TO DO: Locate the line that contains "doc.layers.add(name, color=color, linetype=linetype)" in the entries below, then repeat it and every following line through the line that contains "(1.81, 0.193307)], dxfattribs=at)", exactly, and no others.

Start of Block

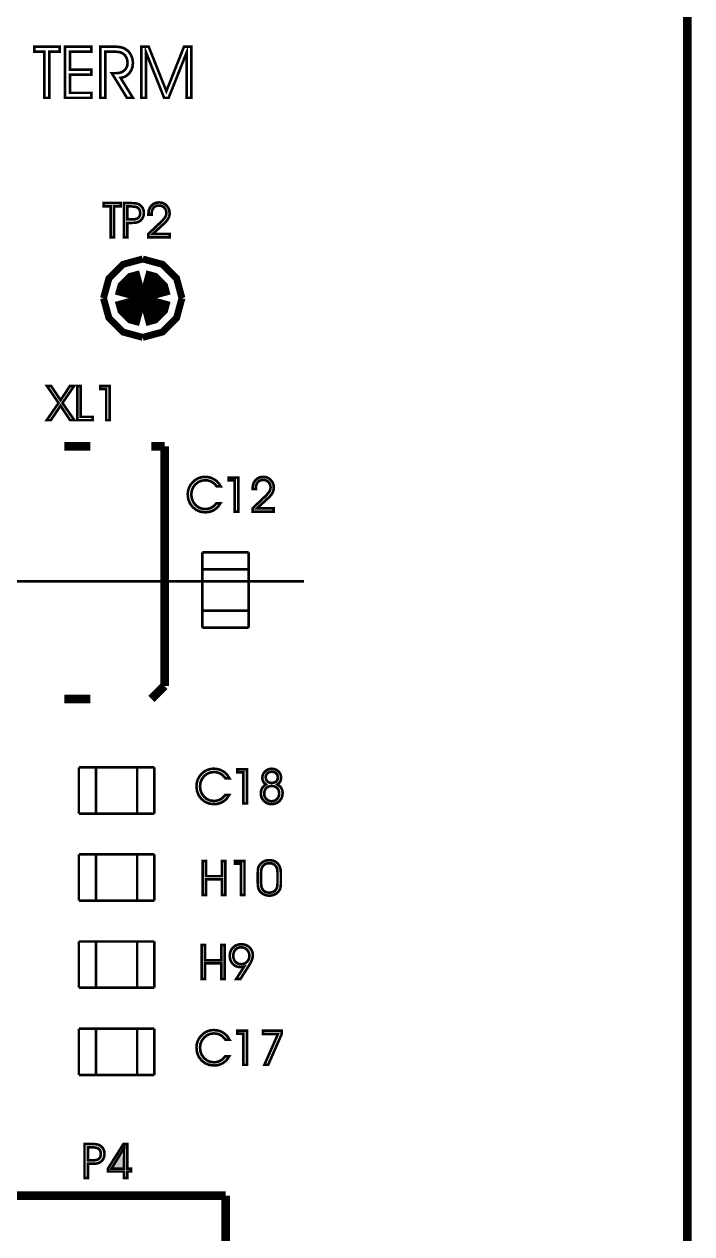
# Model space of a CAD drawing. Extents: x -2.25 to 2.25, y -2.04 to 2.05.
# Drawn here: x 1.489 to 2.255, y -0.556 to 0.833 of the extents above; entities that cross this region are included whole.
import ezdxf

# ---------------------------------------------------------------- set-up
doc = ezdxf.new("R2010")
doc.units = 0
doc.header["$LTSCALE"] = 0.000394
for name, color, linetype in [('DD', 7, 'CONTINUOUS'), ('KO', 7, 'CONTINUOUS'), ('M4', 7, 'CONTINUOUS'), ('ML', 7, 'CONTINUOUS'), ('TO', 7, 'CONTINUOUS')]:
    doc.layers.add(name, color=color, linetype=linetype)

msp = doc.modelspace()

# ---------------------------------------------------------------- linework, layer by layer
at = {"layer": 'DD', "linetype": 'CONTINUOUS', "const_width": 0.003}
msp.add_lwpolyline([(-1.89, 0.193307), (1.81, 0.193307)], dxfattribs=at)
at = {"layer": 'KO', "color": 7, "linetype": 'CONTINUOUS', "const_width": 0.009996}
msp.add_lwpolyline([(2.25, -1.656689), (2.25, 2.043307)], dxfattribs=at)
at = {"layer": 'M4', "color": 7, "linetype": 'CONTINUOUS', "const_width": 0.003}
for points in [[(1.693425, 0.140004), (1.693425, 0.22661)], [(1.693425, 0.22661), (1.746571, 0.22661)], [(1.746571, 0.140004), (1.746571, 0.22661)], [(1.693425, 0.206925), (1.746571, 0.206925)], [(1.693425, 0.159689), (1.746571, 0.159689)], [(1.693425, 0.140004), (1.746571, 0.140004)], [(1.551693, -0.020114), (1.638303, -0.020114)], [(1.551693, -0.073264), (1.551693, -0.020114)], [(1.571378, -0.073264), (1.571378, -0.020114)], [(1.618618, -0.073264), (1.618618, -0.020114)], [(1.638303, -0.073264), (1.638303, -0.020114)], [(1.551693, -0.073264), (1.638303, -0.073264)], [(1.551693, -0.120114), (1.638303, -0.120114)], [(1.551693, -0.173264), (1.551693, -0.120114)], [(1.571378, -0.173264), (1.571378, -0.120114)], [(1.618618, -0.173264), (1.618618, -0.120114)], [(1.638303, -0.173264), (1.638303, -0.120114)], [(1.551693, -0.173264), (1.638303, -0.173264)], [(1.551693, -0.220114), (1.638303, -0.220114)], [(1.551693, -0.273264), (1.551693, -0.220114)], [(1.571378, -0.273264), (1.571378, -0.220114)], [(1.618618, -0.273264), (1.618618, -0.220114)], [(1.638303, -0.273264), (1.638303, -0.220114)], [(1.551693, -0.273264), (1.638303, -0.273264)], [(1.551693, -0.320114), (1.638303, -0.320114)], [(1.551693, -0.373264), (1.551693, -0.320114)], [(1.571378, -0.373264), (1.571378, -0.320114)], [(1.618618, -0.373264), (1.618618, -0.320114)], [(1.638303, -0.373264), (1.638303, -0.320114)], [(1.551693, -0.373264), (1.638303, -0.373264)]]:
    msp.add_lwpolyline(points, dxfattribs=at)
at = {"layer": 'ML', "color": 7, "linetype": 'CONTINUOUS', "const_width": 0.0325}
for points in [[(1.625, 0.534555), (1.61681, 0.532331), (1.610976, 0.526497), (1.608752, 0.518307)], [(1.625, 0.534555), (1.61681, 0.532331), (1.610976, 0.526497), (1.608752, 0.518307)], [(1.641248, 0.518307), (1.639024, 0.526497), (1.63319, 0.532331), (1.625, 0.534555)], [(1.641248, 0.518307), (1.639024, 0.526497), (1.63319, 0.532331), (1.625, 0.534555)], [(1.608748, 0.518307), (1.610972, 0.510117), (1.616806, 0.504283), (1.624996, 0.502059)], [(1.608748, 0.518307), (1.610972, 0.510117), (1.616806, 0.504283), (1.624996, 0.502059)], [(1.624996, 0.502059), (1.633186, 0.504283), (1.63902, 0.510117), (1.641244, 0.518307)], [(1.624996, 0.502059), (1.633186, 0.504283), (1.63902, 0.510117), (1.641244, 0.518307)]]:
    msp.add_lwpolyline(points, dxfattribs=at)
at = {"layer": 'TO', "color": 7, "linetype": 'CONTINUOUS'}
for points, const_width in [([(1.517976, 0.748307), (1.512213, 0.748307), (1.512213, 0.80122), (1.50048, 0.80122), (1.50048, 0.806984), (1.529709, 0.806984), (1.529709, 0.80122), (1.517976, 0.80122), (1.517976, 0.748307)], 0.003), ([(1.517976, 0.748307), (1.512213, 0.748307), (1.512213, 0.80122), (1.50048, 0.80122), (1.50048, 0.806984), (1.529709, 0.806984), (1.529709, 0.80122), (1.517976, 0.80122), (1.517976, 0.748307)], 0.003), ([(1.541472, 0.780673), (1.566134, 0.780673), (1.566134, 0.774866), (1.541472, 0.774866), (1.541472, 0.753988), (1.566134, 0.753988), (1.566134, 0.748307), (1.535665, 0.748307), (1.535665, 0.806984), (1.566134, 0.806984), (1.566134, 0.80122), (1.541472, 0.80122), (1.541472, 0.780673)], 0.003), ([(1.541472, 0.780673), (1.566134, 0.780673), (1.566134, 0.774866), (1.541472, 0.774866), (1.541472, 0.753988), (1.566134, 0.753988), (1.566134, 0.748307), (1.535665, 0.748307), (1.535665, 0.806984), (1.566134, 0.806984), (1.566134, 0.80122), (1.541472, 0.80122), (1.541472, 0.780673)], 0.003), ([(1.581965, 0.80122), (1.581965, 0.748307), (1.576283, 0.748307), (1.576283, 0.806984), (1.592047, 0.806984), (1.595286, 0.806897), (1.598071, 0.806637), (1.600409, 0.806201), (1.60245, 0.805563), (1.604362, 0.804697), (1.606146, 0.803602), (1.608319, 0.801781), (1.610166, 0.79959), (1.611689, 0.797028), (1.612822, 0.794233), (1.613499, 0.791331), (1.613724, 0.788319), (1.613275, 0.783991), (1.611928, 0.780084), (1.609681, 0.776598), (1.606751, 0.773811), (1.603374, 0.772024), (1.599543, 0.771236), (1.613724, 0.748307), (1.606874, 0.748307), (1.589461, 0.776598), (1.59502, 0.776598), (1.598499, 0.776961), (1.601515, 0.778047), (1.604071, 0.779858), (1.606009, 0.782242), (1.607174, 0.785042), (1.607563, 0.788252), (1.607444, 0.790254), (1.607085, 0.792134), (1.606488, 0.79389), (1.605669, 0.79551), (1.604614, 0.796985), (1.603327, 0.798319), (1.602093, 0.799263), (1.600704, 0.800009), (1.599157, 0.800559), (1.597109, 0.800927), (1.594211, 0.801147), (1.590465, 0.80122), (1.581965, 0.80122)], 0.003), ([(1.581965, 0.80122), (1.581965, 0.748307), (1.576283, 0.748307), (1.576283, 0.806984), (1.592047, 0.806984), (1.595286, 0.806897), (1.598071, 0.806637), (1.600409, 0.806201), (1.60245, 0.805563), (1.604362, 0.804697), (1.606146, 0.803602), (1.608319, 0.801781), (1.610166, 0.79959), (1.611689, 0.797028), (1.612822, 0.794233), (1.613499, 0.791331), (1.613724, 0.788319), (1.613275, 0.783991), (1.611928, 0.780084), (1.609681, 0.776598), (1.606751, 0.773811), (1.603374, 0.772024), (1.599543, 0.771236), (1.613724, 0.748307), (1.606874, 0.748307), (1.589461, 0.776598), (1.59502, 0.776598), (1.598499, 0.776961), (1.601515, 0.778047), (1.604071, 0.779858), (1.606009, 0.782242), (1.607174, 0.785042), (1.607563, 0.788252), (1.607444, 0.790254), (1.607085, 0.792134), (1.606488, 0.79389), (1.605669, 0.79551), (1.604614, 0.796985), (1.603327, 0.798319), (1.602093, 0.799263), (1.600704, 0.800009), (1.599157, 0.800559), (1.597109, 0.800927), (1.594211, 0.801147), (1.590465, 0.80122), (1.581965, 0.80122)], 0.003), ([(1.623311, 0.748307), (1.623311, 0.806984), (1.631811, 0.806984), (1.652114, 0.755969), (1.672346, 0.806984), (1.680846, 0.806984), (1.680846, 0.748307), (1.675331, 0.748307), (1.675331, 0.800134), (1.654697, 0.748307), (1.6495, 0.748307), (1.628866, 0.800134), (1.628866, 0.748307), (1.623311, 0.748307)], 0.003), ([(1.623311, 0.748307), (1.623311, 0.806984), (1.631811, 0.806984), (1.652114, 0.755969), (1.672346, 0.806984), (1.680846, 0.806984), (1.680846, 0.748307), (1.675331, 0.748307), (1.675331, 0.800134), (1.654697, 0.748307), (1.6495, 0.748307), (1.628866, 0.800134), (1.628866, 0.748307), (1.623311, 0.748307)], 0.003), ([(1.591984, 0.588307), (1.588142, 0.588307), (1.588142, 0.623583), (1.580323, 0.623583), (1.580323, 0.627425), (1.599807, 0.627425), (1.599807, 0.623583), (1.591984, 0.623583), (1.591984, 0.588307)], 0.003), ([(1.591984, 0.588307), (1.588142, 0.588307), (1.588142, 0.623583), (1.580323, 0.623583), (1.580323, 0.627425), (1.599807, 0.627425), (1.599807, 0.623583), (1.591984, 0.623583), (1.591984, 0.588307)], 0.003), ([(1.603346, 0.627425), (1.611646, 0.627425), (1.61387, 0.627383), (1.615777, 0.627258), (1.617366, 0.627051), (1.618722, 0.626751), (1.619912, 0.626346), (1.620945, 0.625839), (1.622533, 0.624699), (1.623853, 0.623352), (1.624906, 0.621795), (1.625675, 0.620069), (1.626135, 0.618203), (1.626287, 0.616193), (1.62615, 0.614272), (1.625737, 0.612452), (1.625043, 0.610728), (1.624099, 0.609167), (1.622937, 0.607837), (1.621559, 0.60674), (1.620454, 0.606105), (1.619216, 0.605595), (1.617843, 0.605217), (1.616265, 0.604957), (1.614426, 0.6048), (1.612323, 0.604748), (1.607189, 0.604748), (1.607189, 0.588307), (1.603346, 0.588307), (1.603346, 0.627425)], 0.003), ([(1.603346, 0.627425), (1.611646, 0.627425), (1.61387, 0.627383), (1.615777, 0.627258), (1.617366, 0.627051), (1.618722, 0.626751), (1.619912, 0.626346), (1.620945, 0.625839), (1.622533, 0.624699), (1.623853, 0.623352), (1.624906, 0.621795), (1.625675, 0.620069), (1.626135, 0.618203), (1.626287, 0.616193), (1.62615, 0.614272), (1.625737, 0.612452), (1.625043, 0.610728), (1.624099, 0.609167), (1.622937, 0.607837), (1.621559, 0.60674), (1.620454, 0.606105), (1.619216, 0.605595), (1.617843, 0.605217), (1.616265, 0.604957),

End of Block

ANSWER AREA:
    doc.layers.add(name, color=color, linetype=linetype)

msp = doc.modelspace()

# ---------------------------------------------------------------- linework, layer by layer
at = {"layer": 'DD', "linetype": 'CONTINUOUS', "const_width": 0.003}
msp.add_lwpolyline([(-1.89, 0.193307), (1.81, 0.193307)], dxfattribs=at)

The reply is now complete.